# White tail jacks



## Leaky (Sep 11, 2007)

Anyone know where I can pick up some white tail jacks??? You know. the ones that turn white in the winter, have black tipped ears and are larger than regular jacks. Not snow shoes, ok?


----------



## 10yearquest (Oct 15, 2009)

I think the ones around flaming gorge may be whitetail jacks.


----------



## TAK (Sep 9, 2007)

Sent ya a PM... You get it?


----------



## Leaky (Sep 11, 2007)

Yep, thanks bud.


----------



## wyogoob (Sep 7, 2007)

10yearquest said:


> I think the ones around flaming gorge may be whitetail jacks.


yep, same with Evanston


----------



## Chaser (Sep 28, 2007)

Are these white-tail jacks?

http://www.youtube.com/watch?v=OwBOLcV2 ... re=related


----------



## Leaky (Sep 11, 2007)

The first video looks like em, not sure since I can't see em up close.


----------



## 10yearquest (Oct 15, 2009)

cool video chaser. I would love to see that many rabbits. I would say, yes, those are white-tail jacks.


----------



## Bax* (Dec 14, 2008)

Chaser said:


> Are these white-tail jacks?
> 
> http://www.youtube.com/watch?v=OwBOLcV2 ... re=related


This is what heaven is like (with a shotgun of course)

In hell, you wouldnt have a shotgun :evil:


----------



## TAK (Sep 9, 2007)

WOW! 

Double Wow on the Phez to!


----------



## TAK (Sep 9, 2007)

Leaky said:


> Anyone know where I can pick up some white tail jacks??? You know. the ones that turn white in the winter, have black tipped ears and are larger than regular jacks. Not snow shoes, ok?

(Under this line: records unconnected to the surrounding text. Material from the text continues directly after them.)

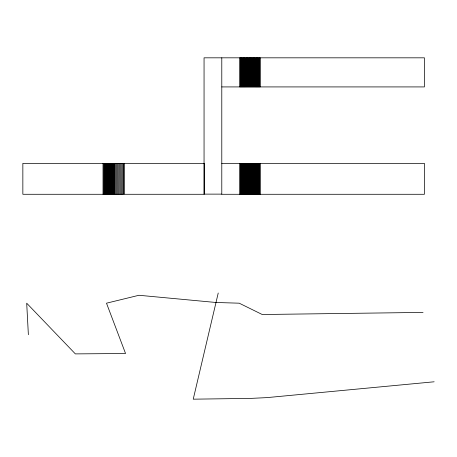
<?xml version="1.0" encoding="UTF-8"?>
<svg xmlns="http://www.w3.org/2000/svg" width="457" height="457" viewBox="0 0 457 457"><rect width="100%" height="100%" fill="white"/><g stroke="black" fill="none" stroke-linecap="round" stroke-linejoin="round"><path stroke-width="0.69" d="M218.229 293.011L193.231 399.178L251.281 398.373L267.054 397.607L434.15 381.789M423.045 312.411L262.244 314.519L239.211 303.191L215.835 302.477L138.957 295.273L106.492 303.191L125.549 353.501L75.354 353.895L26.695 303.191L28.374 334.718M221.788 86.921L424.416 86.921L424.416 57.822L204.056 57.822L204.056 194.128L221.788 194.128M221.788 163.372L424.416 163.372L424.416 194.282L221.788 194.282L221.788 57.822M260.433 57.822L260.433 86.921M260.433 163.372L260.433 194.282M259.422 57.822L259.422 86.921M259.382 57.822L259.382 86.921M257.325 57.822L257.325 86.921M257.325 163.372L257.325 194.282M257.285 57.822L257.285 86.921M257.291 163.372L257.291 194.282M256.28 57.822L256.28 86.921M256.28 163.372L256.28 194.282M256.24 57.822L256.24 86.921M256.24 163.372L256.24 194.282M254.183 57.822L254.183 86.921M254.183 163.372L254.183 194.282M254.143 57.822L254.143 86.921M254.143 163.372L254.143 194.282M253.138 57.822L253.138 86.921M253.138 163.372L253.138 194.282M253.098 57.822L253.098 86.921M253.098 163.372L253.098 194.282M251.042 57.822L251.042 86.921M251.042 163.372L251.042 194.282M251.002 57.822L251.002 86.921M251.002 163.372L251.002 194.282M249.996 57.822L249.996 86.921M249.996 163.372L249.996 194.282M249.956 57.822L249.956 86.921M249.956 163.372L249.956 194.282M247.9 57.822L247.9 86.921M247.9 163.372L247.9 194.282M247.86 57.822L247.86 86.921M247.86 163.372L247.86 194.282M246.849 57.822L246.849 86.921M246.854 163.372L246.854 194.282M246.809 57.822L246.809 86.921M246.814 163.372L246.814 194.282M244.758 57.822L244.758 86.921M244.758 163.372L244.758 194.282M244.718 57.822L244.718 86.921M244.718 163.372L244.718 194.282M243.707 57.822L243.707 86.921M243.707 163.372L243.707 194.282M243.667 57.822L243.667 86.921M243.667 163.372L243.667 194.282M241.616 57.822L241.616 86.921M241.616 163.372L241.616 194.282M241.576 57.822L241.576 86.921M241.576 163.372L241.576 194.282M240.565 57.822L240.565 86.921M240.565 163.372L240.565 194.282M240.525 57.822L240.525 86.921M240.525 163.372L240.525 194.282M239.519 57.822L239.519 86.921M239.519 163.372L239.519 194.282M122.922 163.372L122.882 194.282M121.876 163.372L121.836 194.282M120.785 163.372L120.825 194.282M119.74 163.372L119.78 194.282M118.729 163.372L118.689 194.282M117.643 163.372L117.683 194.282M116.638 163.372L116.598 194.282M115.587 163.372L115.547 194.282M112.445 163.372L112.445 194.282M112.405 163.372L112.405 194.282M111.399 163.372L111.399 194.282M111.359 163.372L111.359 194.282M109.303 163.372L109.303 194.282M109.263 163.372L109.263 194.282M108.258 163.372L108.258 194.282M108.218 163.372L108.218 194.282M106.161 163.372L106.161 194.282M106.121 163.372L106.121 194.282M105.11 163.372L105.11 194.282M105.07 163.372L105.07 194.282M103.019 163.372L103.019 194.282M123.927 163.372L22.85 163.372L22.85 194.282L123.927 194.282L123.927 163.372M204.239 163.372L124.07 163.372L124.07 194.282L204.239 194.282L204.239 163.372M259.422 194.282L259.422 163.372L259.382 194.282M258.376 86.921L258.376 57.822L258.336 86.921M258.376 194.282L258.376 163.372L258.336 194.282M255.235 86.921L255.235 57.822L255.195 86.921M255.235 194.282L255.235 163.372L255.195 194.282M252.087 86.921L252.087 57.822L252.047 86.921M252.093 194.282L252.093 163.372L252.053 194.282M248.945 86.921L248.945 57.822L248.905 86.921M248.945 194.282L248.945 163.372L248.905 194.282M245.803 86.921L245.803 57.822L245.763 86.921M245.803 194.282L245.803 163.372L245.763 194.282M242.661 86.921L242.661 57.822L242.621 86.921M242.661 194.282L242.661 163.372L242.621 194.282M114.541 194.282L114.541 163.372L114.501 194.282M113.49 194.282L113.49 163.372L113.456 194.282M110.348 194.282L110.348 163.372L110.308 194.282M107.206 194.282L107.206 163.372L107.166 194.282M104.065 194.282L104.065 163.372L104.025 194.282"/></g></svg>
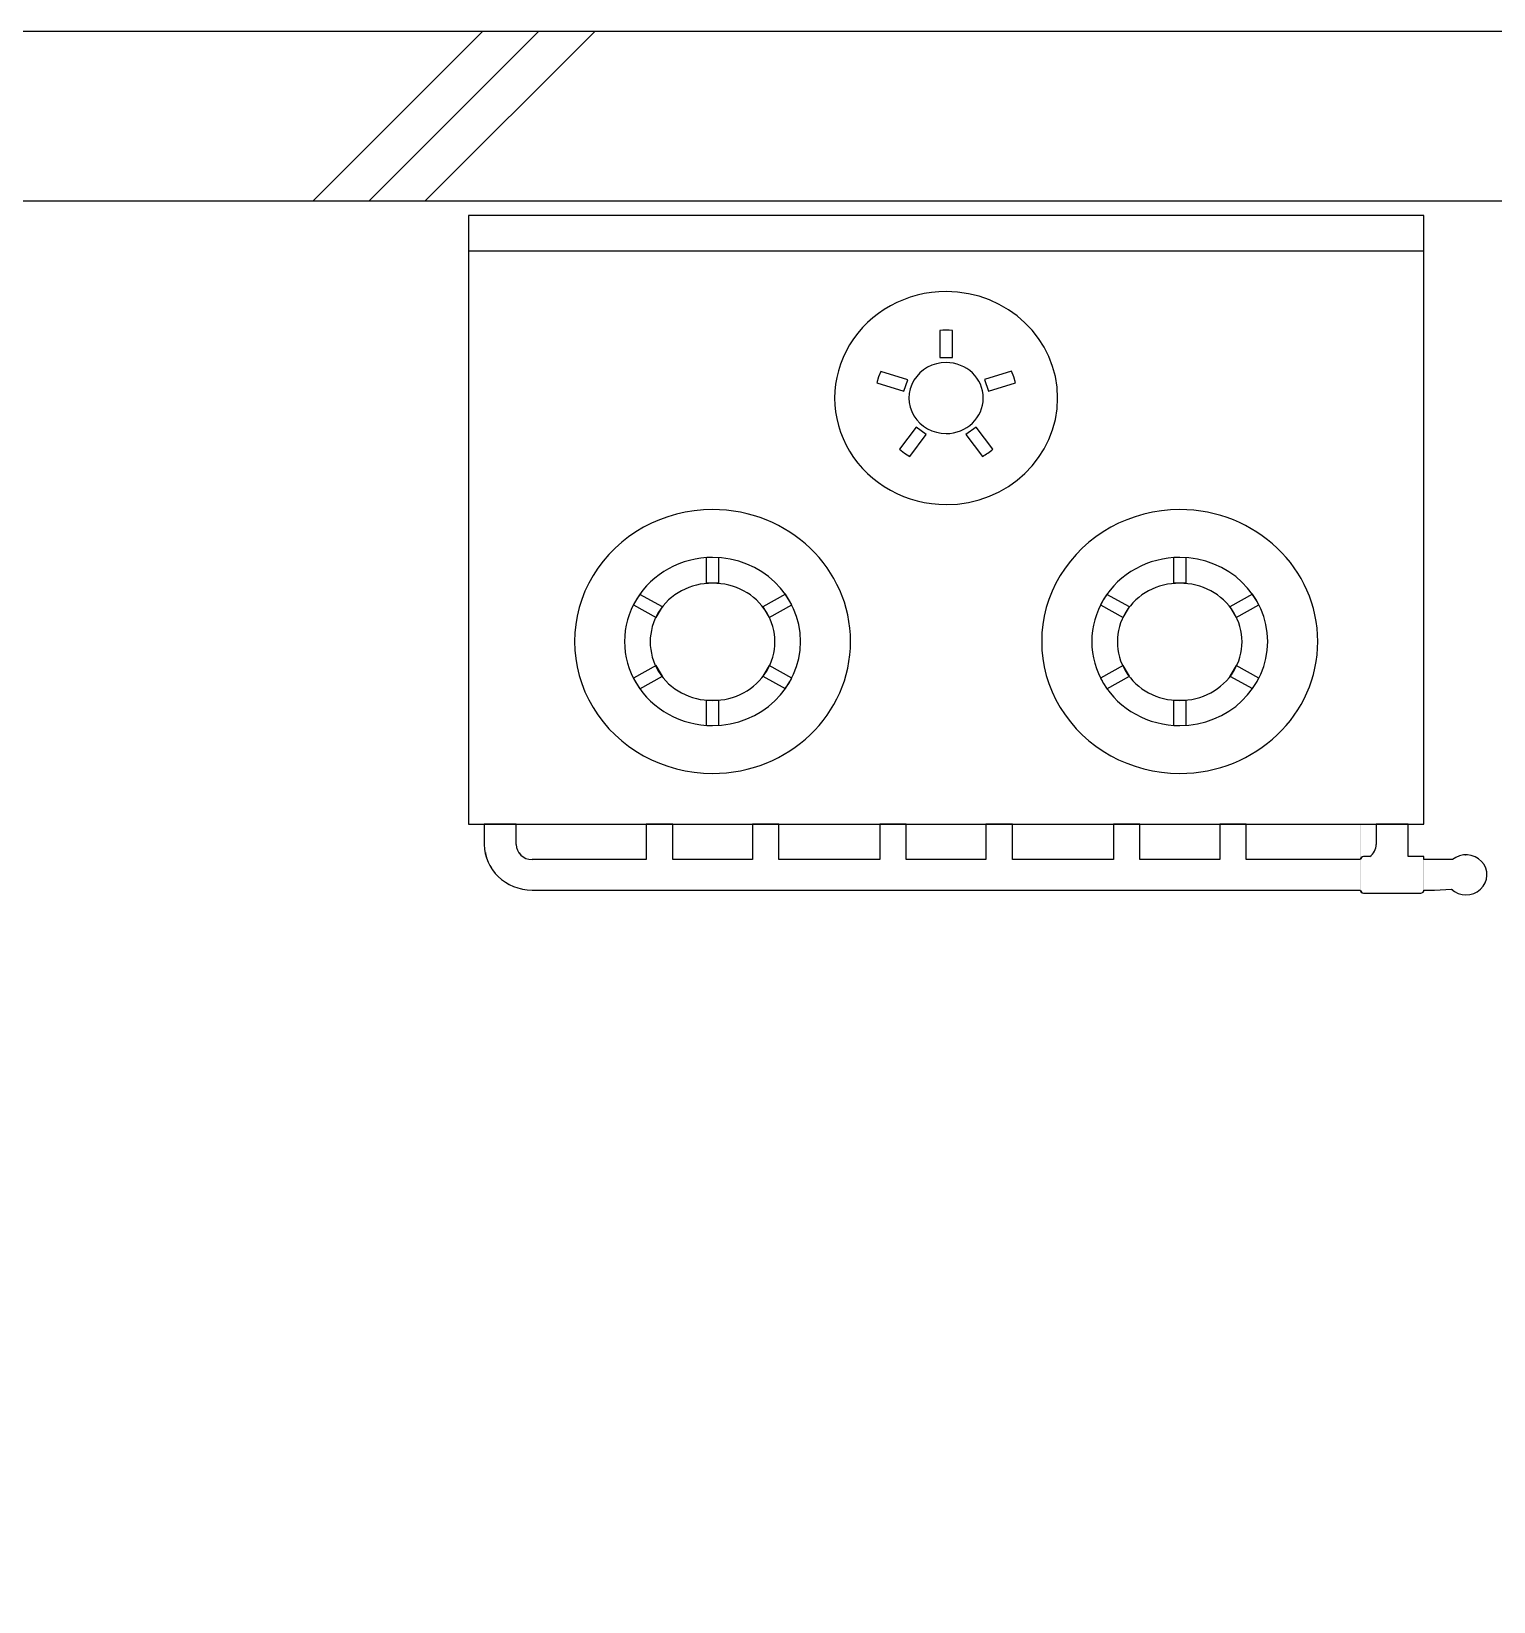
# Model space of a CAD drawing. Units: millimetres at full size, sheet at 1:50. Extents: x -9750 to 9750, y -6680 to 6675.
# Drawn here: x -3025 to -1734, y 3809 to 5195 of the extents above; entities that cross this region are included whole.
import ezdxf

# ---------------------------------------------------------------- set-up
doc = ezdxf.new("R2010")
doc.units = ezdxf.units.MM
doc.header["$LTSCALE"] = 50
doc.layers.add('0-6_壁', color=4, linetype='Continuous')
doc.layers.add('0-9_部品実装', color=7, linetype='Continuous')

msp = doc.modelspace()

# ---------------------------------------------------------------- wipeouts: each hides what was drawn before it
msp.add_wipeout([(296.23, 5045.05), (-3865.77, 5045.05), (-3865.77, 3795.05), (-3865.77, 3795.05)])

# ---------------------------------------------------------------- next in the draw order: wipeouts: each hides what was drawn before it
msp.add_wipeout([(296.23, 5045.05), (-3865.77, 3795.05), (296.23, 3795.05), (296.23, 3795.05)])

# ---------------------------------------------------------------- next in the draw order: wipeouts: each hides what was drawn before it
at = {"color": 7}
msp.add_wipeout([(4520.23, 5045.05), (4520.23, 5195.05), (-3865.77, 5195.05), (-3865.77, 5195.05)], dxfattribs=at)
msp.add_wipeout([(-2639.09, 5032.55), (-2639.09, 4495.24), (-2625.03, 4495.24), (-2625.03, 4495.24)])

# ---------------------------------------------------------------- next in the draw order: wipeouts: each hides what was drawn before it
msp.add_wipeout([(4520.23, 5045.05), (-3865.77, 5195.05), (-3865.77, 5045.05), (-3865.77, 5045.05)], dxfattribs=at)
msp.add_wipeout([(-2639.09, 5032.55), (-2625.03, 4495.24), (-2625.03, 5032.55), (-2625.03, 5032.55)])

# ---------------------------------------------------------------- next in the draw order: linework, layer by layer
at = {"layer": '0-6_壁', "color": 3}
for p, q in [((4520.23, 5195.05), (-3865.77, 5195.05)), ((-698.77, 5045.05), (-3865.77, 5045.05))]:
    msp.add_line(p, q, dxfattribs=at)
at = {"layer": '0-6_壁'}
for p, q in [((-2776.51, 5045.05), (-2626.51, 5195.05)), ((-2727.01, 5045.05), (-2577.01, 5195.05)), ((-2677.51, 5045.05), (-2527.51, 5195.05))]:
    msp.add_line(p, q, dxfattribs=at)
at = {"layer": '0-6_壁', "color": 7}
msp.add_solid([(4520.23, 5045.05), (-3865.77, 5045.05), (-3865.77, 5045.05)], dxfattribs=at)
at = {"layer": '0-9_部品実装'}
msp.add_solid([(-2639.09, 5032.55), (-2625.03, 5032.55), (-2625.03, 5032.55)], dxfattribs=at)

# ---------------------------------------------------------------- next in the draw order: wipeouts: each hides what was drawn before it
msp.add_wipeout([(-2625.03, 5032.55), (-2625.03, 4477.33), (-2623.59, 4466.9), (-2623.59, 4466.9)])

# ---------------------------------------------------------------- next in the draw order: wipeouts: each hides what was drawn before it
msp.add_wipeout([(-2625.03, 5032.55), (-2623.59, 4466.9), (-2623.59, 5032.55), (-2623.59, 5032.55)])

# ---------------------------------------------------------------- next in the draw order: linework, layer by layer
msp.add_solid([(-2625.03, 5032.55), (-2623.59, 5032.55), (-2623.59, 5032.55)], dxfattribs=at)

# ---------------------------------------------------------------- next in the draw order: wipeouts: each hides what was drawn before it
msp.add_wipeout([(-2623.59, 5032.55), (-2623.59, 4466.9), (-2619.38, 4457.18), (-2619.38, 4457.18)])

# ---------------------------------------------------------------- next in the draw order: wipeouts: each hides what was drawn before it
msp.add_wipeout([(-2623.59, 5032.55), (-2619.38, 4457.18), (-2619.38, 5032.55), (-2619.38, 5032.55)])

# ---------------------------------------------------------------- next in the draw order: linework, layer by layer
msp.add_solid([(-2623.59, 5032.55), (-2619.38, 5032.55), (-2619.38, 5032.55)], dxfattribs=at)

# ---------------------------------------------------------------- next in the draw order: wipeouts: each hides what was drawn before it
msp.add_wipeout([(-2619.38, 5032.55), (-2619.38, 4457.18), (-2612.67, 4448.83), (-2612.67, 4448.83)])

# ---------------------------------------------------------------- next in the draw order: wipeouts: each hides what was drawn before it
msp.add_wipeout([(-2619.38, 5032.55), (-2612.67, 4448.83), (-2612.67, 5032.55), (-2612.67, 5032.55)])

# ---------------------------------------------------------------- next in the draw order: linework, layer by layer
at = {"layer": '0-9_部品実装', "color": 4}
msp.add_line((-2625.03, 4495.24), (-2625.03, 4477.33), dxfattribs=at)
at = {"layer": '0-9_部品実装'}
msp.add_solid([(-2619.38, 5032.55), (-2612.67, 5032.55), (-2612.67, 5032.55)], dxfattribs=at)

# ---------------------------------------------------------------- next in the draw order: wipeouts: each hides what was drawn before it
msp.add_wipeout([(-2612.67, 5032.55), (-2612.67, 4448.83), (-2603.93, 4442.43), (-2603.93, 4442.43)])

# ---------------------------------------------------------------- next in the draw order: wipeouts: each hides what was drawn before it
msp.add_wipeout([(-2612.67, 5032.55), (-2603.93, 4442.43), (-2603.93, 5032.55), (-2603.93, 5032.55)])

# ---------------------------------------------------------------- next in the draw order: linework, layer by layer
msp.add_solid([(-2612.67, 5032.55), (-2603.93, 5032.55), (-2603.93, 5032.55)], dxfattribs=at)

# ---------------------------------------------------------------- next in the draw order: wipeouts: each hides what was drawn before it
msp.add_wipeout([(-2603.93, 5032.55), (-2603.93, 4442.43), (-2593.76, 4438.4), (-2593.76, 4438.4)])

# ---------------------------------------------------------------- next in the draw order: wipeouts: each hides what was drawn before it
msp.add_wipeout([(-2603.93, 5032.55), (-2593.76, 4438.4), (-2593.76, 5032.55), (-2593.76, 5032.55)])

# ---------------------------------------------------------------- next in the draw order: linework, layer by layer
msp.add_solid([(-2603.93, 5032.55), (-2593.76, 5032.55), (-2593.76, 5032.55)], dxfattribs=at)

# ---------------------------------------------------------------- next in the draw order: wipeouts: each hides what was drawn before it
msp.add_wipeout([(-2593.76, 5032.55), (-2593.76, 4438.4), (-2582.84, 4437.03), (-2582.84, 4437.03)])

So have ya ran into any of them yet?

I see on another post you eat them..... I can say ONE time I ate some of them. As kids we thought they was Snow Shoes. So pretty much our entire network of friends and family put together a big hunt. We whacked a grundle of them and also Bunnies and then had a feast.... it was only after I ate my fill that we was told they are nothing more than a Jack.... Never ate one since....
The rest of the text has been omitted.